* _What to do_:
From the first line of the listing below, retype each line up to and including the one with "doc.units = ezdxf.units.MM"; pictures stay out.

* _Information provided_:
######
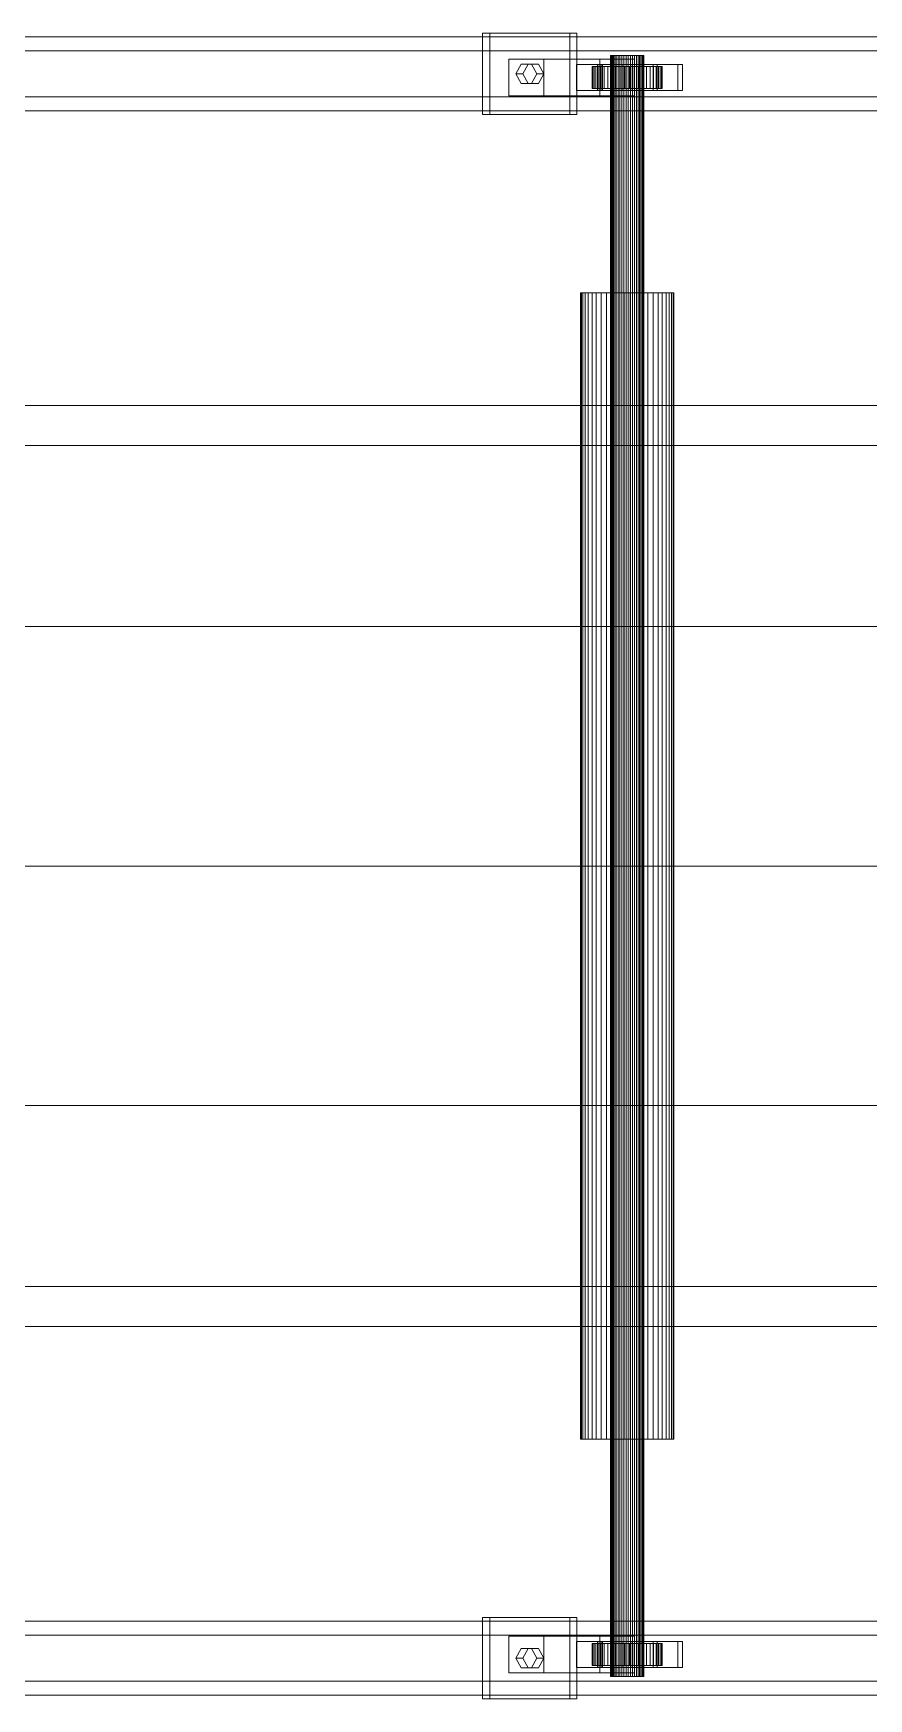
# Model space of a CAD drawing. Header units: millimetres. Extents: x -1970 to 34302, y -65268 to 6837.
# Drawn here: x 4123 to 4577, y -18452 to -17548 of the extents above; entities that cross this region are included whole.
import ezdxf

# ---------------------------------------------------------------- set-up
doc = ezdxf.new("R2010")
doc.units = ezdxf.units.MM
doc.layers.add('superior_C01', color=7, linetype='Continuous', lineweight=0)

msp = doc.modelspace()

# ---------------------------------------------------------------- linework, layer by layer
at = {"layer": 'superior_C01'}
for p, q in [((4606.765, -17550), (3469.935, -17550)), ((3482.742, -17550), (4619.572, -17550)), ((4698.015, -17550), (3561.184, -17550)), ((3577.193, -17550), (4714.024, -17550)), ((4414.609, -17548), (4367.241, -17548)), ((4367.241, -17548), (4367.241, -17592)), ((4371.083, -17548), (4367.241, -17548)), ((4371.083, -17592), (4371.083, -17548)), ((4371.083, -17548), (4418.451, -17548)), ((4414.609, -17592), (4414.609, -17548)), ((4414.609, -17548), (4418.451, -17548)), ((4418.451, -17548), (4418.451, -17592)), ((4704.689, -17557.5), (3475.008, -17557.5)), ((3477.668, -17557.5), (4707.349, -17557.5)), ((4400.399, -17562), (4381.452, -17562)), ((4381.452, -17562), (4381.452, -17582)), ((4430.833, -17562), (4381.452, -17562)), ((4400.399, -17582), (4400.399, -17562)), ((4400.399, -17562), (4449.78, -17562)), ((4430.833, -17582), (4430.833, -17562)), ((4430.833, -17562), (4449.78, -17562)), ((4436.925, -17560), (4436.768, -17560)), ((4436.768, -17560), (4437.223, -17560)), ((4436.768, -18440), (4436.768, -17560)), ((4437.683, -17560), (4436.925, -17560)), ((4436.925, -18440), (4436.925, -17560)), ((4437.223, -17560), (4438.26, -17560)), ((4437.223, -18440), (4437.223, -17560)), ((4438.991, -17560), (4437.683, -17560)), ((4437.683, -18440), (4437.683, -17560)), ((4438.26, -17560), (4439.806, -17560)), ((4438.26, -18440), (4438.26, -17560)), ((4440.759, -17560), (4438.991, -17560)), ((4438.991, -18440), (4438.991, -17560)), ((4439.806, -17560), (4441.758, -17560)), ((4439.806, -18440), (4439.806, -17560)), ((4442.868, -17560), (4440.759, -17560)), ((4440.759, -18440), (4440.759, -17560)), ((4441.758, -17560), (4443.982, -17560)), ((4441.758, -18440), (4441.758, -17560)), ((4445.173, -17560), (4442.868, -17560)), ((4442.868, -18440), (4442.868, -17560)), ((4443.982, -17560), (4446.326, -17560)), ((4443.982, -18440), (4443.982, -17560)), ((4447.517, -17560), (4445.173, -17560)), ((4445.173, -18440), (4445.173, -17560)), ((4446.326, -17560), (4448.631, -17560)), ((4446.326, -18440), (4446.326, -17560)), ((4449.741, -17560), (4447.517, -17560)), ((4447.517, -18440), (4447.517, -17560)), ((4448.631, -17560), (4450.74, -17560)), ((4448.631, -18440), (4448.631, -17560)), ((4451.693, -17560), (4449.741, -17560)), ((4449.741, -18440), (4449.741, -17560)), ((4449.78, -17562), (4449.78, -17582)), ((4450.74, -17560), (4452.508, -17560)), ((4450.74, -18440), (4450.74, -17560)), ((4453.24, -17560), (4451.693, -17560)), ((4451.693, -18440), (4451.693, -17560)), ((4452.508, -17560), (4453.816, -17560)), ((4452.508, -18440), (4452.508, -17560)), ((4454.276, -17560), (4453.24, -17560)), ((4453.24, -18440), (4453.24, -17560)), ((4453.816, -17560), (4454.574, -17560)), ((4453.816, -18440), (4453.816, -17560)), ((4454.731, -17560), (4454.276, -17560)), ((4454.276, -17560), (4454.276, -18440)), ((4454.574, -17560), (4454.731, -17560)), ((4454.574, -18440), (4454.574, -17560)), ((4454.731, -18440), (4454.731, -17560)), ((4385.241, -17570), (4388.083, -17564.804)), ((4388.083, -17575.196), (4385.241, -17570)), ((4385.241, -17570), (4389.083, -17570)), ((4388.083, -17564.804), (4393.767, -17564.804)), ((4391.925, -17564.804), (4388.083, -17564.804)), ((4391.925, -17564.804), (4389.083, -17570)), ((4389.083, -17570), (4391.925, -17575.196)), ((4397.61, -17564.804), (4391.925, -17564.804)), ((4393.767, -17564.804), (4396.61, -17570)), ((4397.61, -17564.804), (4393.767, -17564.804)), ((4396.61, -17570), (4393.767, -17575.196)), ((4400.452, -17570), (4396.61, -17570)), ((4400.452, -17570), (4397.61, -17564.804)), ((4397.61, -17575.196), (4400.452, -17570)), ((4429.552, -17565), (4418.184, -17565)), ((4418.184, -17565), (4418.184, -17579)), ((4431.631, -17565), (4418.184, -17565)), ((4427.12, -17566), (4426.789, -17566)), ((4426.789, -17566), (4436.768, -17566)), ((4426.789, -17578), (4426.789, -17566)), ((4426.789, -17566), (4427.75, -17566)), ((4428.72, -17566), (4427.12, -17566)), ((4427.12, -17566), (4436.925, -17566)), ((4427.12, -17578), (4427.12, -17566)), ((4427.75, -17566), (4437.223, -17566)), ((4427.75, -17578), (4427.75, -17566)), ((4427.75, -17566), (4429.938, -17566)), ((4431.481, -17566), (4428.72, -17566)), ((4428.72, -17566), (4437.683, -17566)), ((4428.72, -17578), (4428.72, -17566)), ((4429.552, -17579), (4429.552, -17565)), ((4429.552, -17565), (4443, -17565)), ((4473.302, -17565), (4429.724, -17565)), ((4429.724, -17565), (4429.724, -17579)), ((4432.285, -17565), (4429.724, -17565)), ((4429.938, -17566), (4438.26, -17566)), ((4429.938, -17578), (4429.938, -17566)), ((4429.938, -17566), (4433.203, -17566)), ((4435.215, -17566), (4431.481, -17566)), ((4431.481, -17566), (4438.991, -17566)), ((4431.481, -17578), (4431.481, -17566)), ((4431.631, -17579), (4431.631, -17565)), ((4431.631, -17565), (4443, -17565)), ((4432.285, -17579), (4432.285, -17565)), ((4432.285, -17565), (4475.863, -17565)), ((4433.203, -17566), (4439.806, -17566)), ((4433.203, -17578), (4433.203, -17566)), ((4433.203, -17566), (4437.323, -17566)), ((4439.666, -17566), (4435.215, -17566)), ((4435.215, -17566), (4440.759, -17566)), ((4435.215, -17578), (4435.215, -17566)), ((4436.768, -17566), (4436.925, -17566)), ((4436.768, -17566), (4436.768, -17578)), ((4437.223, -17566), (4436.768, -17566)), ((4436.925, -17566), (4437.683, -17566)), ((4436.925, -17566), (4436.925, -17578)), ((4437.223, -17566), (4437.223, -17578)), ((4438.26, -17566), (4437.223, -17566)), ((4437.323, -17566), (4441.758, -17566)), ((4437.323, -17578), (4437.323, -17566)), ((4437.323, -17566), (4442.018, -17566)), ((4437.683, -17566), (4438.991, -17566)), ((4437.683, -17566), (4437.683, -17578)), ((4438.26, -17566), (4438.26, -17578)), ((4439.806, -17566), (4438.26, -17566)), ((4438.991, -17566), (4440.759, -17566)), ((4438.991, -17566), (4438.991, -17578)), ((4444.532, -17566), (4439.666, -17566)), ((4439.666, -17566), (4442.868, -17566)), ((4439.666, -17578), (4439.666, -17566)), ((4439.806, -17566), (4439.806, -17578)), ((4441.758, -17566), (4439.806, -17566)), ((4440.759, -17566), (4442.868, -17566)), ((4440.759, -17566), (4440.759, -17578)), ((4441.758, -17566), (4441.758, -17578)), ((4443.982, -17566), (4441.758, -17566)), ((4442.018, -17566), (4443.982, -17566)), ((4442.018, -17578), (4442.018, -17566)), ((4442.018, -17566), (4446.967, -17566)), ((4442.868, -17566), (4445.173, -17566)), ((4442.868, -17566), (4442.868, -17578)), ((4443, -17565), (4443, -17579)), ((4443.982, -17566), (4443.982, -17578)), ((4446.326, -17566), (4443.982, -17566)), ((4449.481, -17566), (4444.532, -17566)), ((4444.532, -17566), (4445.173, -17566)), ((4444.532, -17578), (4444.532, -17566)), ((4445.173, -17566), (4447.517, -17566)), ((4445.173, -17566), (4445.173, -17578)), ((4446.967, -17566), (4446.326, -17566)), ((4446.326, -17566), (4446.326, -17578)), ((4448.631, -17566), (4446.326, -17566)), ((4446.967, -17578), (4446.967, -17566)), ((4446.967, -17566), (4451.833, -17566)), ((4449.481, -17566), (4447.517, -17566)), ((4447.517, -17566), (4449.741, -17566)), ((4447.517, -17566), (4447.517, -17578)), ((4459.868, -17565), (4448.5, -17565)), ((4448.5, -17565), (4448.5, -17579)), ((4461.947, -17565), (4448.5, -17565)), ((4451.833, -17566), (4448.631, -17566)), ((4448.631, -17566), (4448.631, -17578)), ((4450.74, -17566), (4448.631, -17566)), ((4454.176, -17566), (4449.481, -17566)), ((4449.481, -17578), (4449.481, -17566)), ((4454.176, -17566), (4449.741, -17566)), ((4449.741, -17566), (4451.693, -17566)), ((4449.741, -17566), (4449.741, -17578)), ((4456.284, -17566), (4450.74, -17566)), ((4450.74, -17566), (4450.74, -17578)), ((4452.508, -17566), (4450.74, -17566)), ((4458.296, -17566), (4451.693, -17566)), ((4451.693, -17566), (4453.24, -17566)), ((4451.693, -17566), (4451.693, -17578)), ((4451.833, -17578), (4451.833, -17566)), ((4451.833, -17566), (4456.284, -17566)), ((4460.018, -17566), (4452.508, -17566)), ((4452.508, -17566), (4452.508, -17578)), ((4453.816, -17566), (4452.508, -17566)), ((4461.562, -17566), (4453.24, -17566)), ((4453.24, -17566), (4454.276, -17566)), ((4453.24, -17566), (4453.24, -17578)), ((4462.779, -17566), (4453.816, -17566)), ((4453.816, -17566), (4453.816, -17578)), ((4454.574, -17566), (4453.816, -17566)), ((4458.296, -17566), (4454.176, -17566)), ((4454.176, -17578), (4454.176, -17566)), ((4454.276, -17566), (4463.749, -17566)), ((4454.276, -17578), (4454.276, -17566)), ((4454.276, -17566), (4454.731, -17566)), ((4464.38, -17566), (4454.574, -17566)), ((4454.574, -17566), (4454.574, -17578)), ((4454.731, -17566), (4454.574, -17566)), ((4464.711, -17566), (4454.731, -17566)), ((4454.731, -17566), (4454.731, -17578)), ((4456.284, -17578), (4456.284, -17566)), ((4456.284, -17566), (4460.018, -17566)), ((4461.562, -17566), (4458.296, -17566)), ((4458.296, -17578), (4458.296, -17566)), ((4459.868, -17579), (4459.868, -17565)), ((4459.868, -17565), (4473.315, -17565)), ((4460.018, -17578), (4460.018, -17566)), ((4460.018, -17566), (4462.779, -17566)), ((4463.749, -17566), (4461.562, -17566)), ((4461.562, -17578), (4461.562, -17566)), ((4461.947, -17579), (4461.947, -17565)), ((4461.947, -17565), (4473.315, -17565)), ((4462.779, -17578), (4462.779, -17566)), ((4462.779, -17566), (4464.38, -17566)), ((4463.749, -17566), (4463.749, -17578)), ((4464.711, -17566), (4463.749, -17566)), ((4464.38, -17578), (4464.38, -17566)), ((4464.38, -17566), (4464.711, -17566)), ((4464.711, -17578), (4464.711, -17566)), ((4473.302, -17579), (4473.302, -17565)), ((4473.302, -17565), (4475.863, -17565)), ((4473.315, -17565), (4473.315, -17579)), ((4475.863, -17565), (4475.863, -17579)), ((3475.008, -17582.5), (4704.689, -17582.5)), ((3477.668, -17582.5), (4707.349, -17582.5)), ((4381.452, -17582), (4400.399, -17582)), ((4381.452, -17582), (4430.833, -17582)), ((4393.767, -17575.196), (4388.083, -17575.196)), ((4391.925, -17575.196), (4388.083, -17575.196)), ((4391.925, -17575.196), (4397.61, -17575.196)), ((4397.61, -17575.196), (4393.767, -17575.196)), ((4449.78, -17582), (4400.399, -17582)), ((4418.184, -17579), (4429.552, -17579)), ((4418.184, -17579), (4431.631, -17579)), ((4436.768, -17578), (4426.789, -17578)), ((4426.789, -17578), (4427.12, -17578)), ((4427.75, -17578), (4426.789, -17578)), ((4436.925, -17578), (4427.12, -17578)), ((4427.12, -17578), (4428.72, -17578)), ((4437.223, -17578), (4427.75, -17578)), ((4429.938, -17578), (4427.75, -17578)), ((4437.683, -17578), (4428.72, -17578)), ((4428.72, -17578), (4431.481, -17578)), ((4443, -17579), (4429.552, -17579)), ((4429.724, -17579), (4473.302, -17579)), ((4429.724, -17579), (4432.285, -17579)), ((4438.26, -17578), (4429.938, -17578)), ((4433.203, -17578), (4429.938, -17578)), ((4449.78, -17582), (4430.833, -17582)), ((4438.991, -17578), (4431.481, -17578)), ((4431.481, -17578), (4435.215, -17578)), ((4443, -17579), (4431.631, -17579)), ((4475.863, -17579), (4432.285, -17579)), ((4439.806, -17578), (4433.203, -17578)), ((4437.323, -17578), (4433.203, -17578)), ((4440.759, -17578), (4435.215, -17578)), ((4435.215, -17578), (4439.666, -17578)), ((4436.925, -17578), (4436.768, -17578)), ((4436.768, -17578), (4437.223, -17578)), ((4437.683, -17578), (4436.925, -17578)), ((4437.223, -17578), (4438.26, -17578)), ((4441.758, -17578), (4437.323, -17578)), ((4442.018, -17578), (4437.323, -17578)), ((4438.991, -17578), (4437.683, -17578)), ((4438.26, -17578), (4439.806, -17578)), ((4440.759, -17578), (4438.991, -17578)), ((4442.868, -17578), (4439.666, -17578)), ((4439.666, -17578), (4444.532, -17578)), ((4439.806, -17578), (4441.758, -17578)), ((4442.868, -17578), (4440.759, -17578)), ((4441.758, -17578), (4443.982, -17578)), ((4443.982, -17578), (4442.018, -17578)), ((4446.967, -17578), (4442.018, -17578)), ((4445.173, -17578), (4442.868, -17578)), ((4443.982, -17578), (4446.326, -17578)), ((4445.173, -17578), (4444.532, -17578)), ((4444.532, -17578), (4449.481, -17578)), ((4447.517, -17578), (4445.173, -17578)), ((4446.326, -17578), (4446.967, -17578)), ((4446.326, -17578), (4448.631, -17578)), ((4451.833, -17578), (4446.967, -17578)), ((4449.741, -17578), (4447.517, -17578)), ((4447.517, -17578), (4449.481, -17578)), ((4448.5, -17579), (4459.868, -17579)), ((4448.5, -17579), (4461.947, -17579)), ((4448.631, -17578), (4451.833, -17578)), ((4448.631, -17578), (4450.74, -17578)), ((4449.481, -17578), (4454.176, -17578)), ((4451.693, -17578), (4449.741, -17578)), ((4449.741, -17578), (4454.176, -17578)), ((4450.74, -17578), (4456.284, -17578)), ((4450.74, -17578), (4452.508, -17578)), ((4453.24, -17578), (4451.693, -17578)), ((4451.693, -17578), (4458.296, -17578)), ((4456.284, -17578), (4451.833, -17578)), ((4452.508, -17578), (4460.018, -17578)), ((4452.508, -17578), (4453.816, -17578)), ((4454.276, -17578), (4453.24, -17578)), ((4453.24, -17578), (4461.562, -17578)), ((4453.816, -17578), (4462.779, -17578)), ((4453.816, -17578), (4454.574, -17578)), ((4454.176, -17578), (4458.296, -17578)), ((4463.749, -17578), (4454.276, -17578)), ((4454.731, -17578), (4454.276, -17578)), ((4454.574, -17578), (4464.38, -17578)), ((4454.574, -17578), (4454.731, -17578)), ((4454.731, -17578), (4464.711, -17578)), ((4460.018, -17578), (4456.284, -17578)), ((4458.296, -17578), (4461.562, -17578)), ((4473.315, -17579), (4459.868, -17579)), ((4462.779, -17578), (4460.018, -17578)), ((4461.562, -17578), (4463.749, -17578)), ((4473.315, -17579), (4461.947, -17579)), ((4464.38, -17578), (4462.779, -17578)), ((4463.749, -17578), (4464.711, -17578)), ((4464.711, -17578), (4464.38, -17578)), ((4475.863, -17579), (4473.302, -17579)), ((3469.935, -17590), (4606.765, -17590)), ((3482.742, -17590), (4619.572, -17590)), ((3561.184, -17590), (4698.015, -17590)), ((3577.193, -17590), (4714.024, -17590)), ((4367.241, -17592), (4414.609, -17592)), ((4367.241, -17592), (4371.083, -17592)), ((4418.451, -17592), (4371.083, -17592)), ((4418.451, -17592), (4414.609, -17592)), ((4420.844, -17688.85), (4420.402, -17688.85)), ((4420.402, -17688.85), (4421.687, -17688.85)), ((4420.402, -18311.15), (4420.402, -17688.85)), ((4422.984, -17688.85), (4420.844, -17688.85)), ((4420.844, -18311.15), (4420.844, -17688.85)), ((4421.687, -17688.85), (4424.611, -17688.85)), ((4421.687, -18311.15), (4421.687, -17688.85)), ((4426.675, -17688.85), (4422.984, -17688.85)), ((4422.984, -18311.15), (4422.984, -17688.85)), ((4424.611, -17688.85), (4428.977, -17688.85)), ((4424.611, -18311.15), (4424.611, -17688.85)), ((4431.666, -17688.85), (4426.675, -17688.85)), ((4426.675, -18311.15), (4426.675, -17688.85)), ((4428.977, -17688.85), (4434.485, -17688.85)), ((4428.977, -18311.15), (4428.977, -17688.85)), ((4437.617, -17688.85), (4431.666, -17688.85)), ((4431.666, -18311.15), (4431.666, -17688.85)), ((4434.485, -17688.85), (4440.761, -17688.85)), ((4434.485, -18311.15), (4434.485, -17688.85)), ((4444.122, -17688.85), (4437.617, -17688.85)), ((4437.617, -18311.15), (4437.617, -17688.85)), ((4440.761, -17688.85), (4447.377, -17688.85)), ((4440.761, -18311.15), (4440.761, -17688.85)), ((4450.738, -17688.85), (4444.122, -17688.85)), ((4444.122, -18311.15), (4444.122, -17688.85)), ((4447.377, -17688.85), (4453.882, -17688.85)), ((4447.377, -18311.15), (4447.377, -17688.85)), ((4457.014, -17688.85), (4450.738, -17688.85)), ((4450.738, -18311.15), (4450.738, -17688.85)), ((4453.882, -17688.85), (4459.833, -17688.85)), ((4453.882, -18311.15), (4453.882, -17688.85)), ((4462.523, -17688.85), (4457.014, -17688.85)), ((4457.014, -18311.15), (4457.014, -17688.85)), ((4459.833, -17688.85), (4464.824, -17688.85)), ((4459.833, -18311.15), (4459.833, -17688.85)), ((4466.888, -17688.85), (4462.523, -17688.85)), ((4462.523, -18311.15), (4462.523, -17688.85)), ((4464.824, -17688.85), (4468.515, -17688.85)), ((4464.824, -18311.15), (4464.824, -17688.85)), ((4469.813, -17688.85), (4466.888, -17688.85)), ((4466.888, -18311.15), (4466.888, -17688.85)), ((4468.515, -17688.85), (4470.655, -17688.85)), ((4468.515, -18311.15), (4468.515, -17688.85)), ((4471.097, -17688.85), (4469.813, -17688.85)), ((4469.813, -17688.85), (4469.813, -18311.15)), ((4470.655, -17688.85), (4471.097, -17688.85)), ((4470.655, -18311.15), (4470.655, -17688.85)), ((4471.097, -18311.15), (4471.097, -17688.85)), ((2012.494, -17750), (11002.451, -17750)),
######
* _Answer to this exercise_:
# Model space of a CAD drawing. Header units: millimetres. Extents: x -1970 to 34302, y -65268 to 6837.
# Drawn here: x 4123 to 4577, y -18452 to -17548 of the extents above; entities that cross this region are included whole.
import ezdxf

# ---------------------------------------------------------------- set-up
doc = ezdxf.new("R2010")
doc.units = ezdxf.units.MM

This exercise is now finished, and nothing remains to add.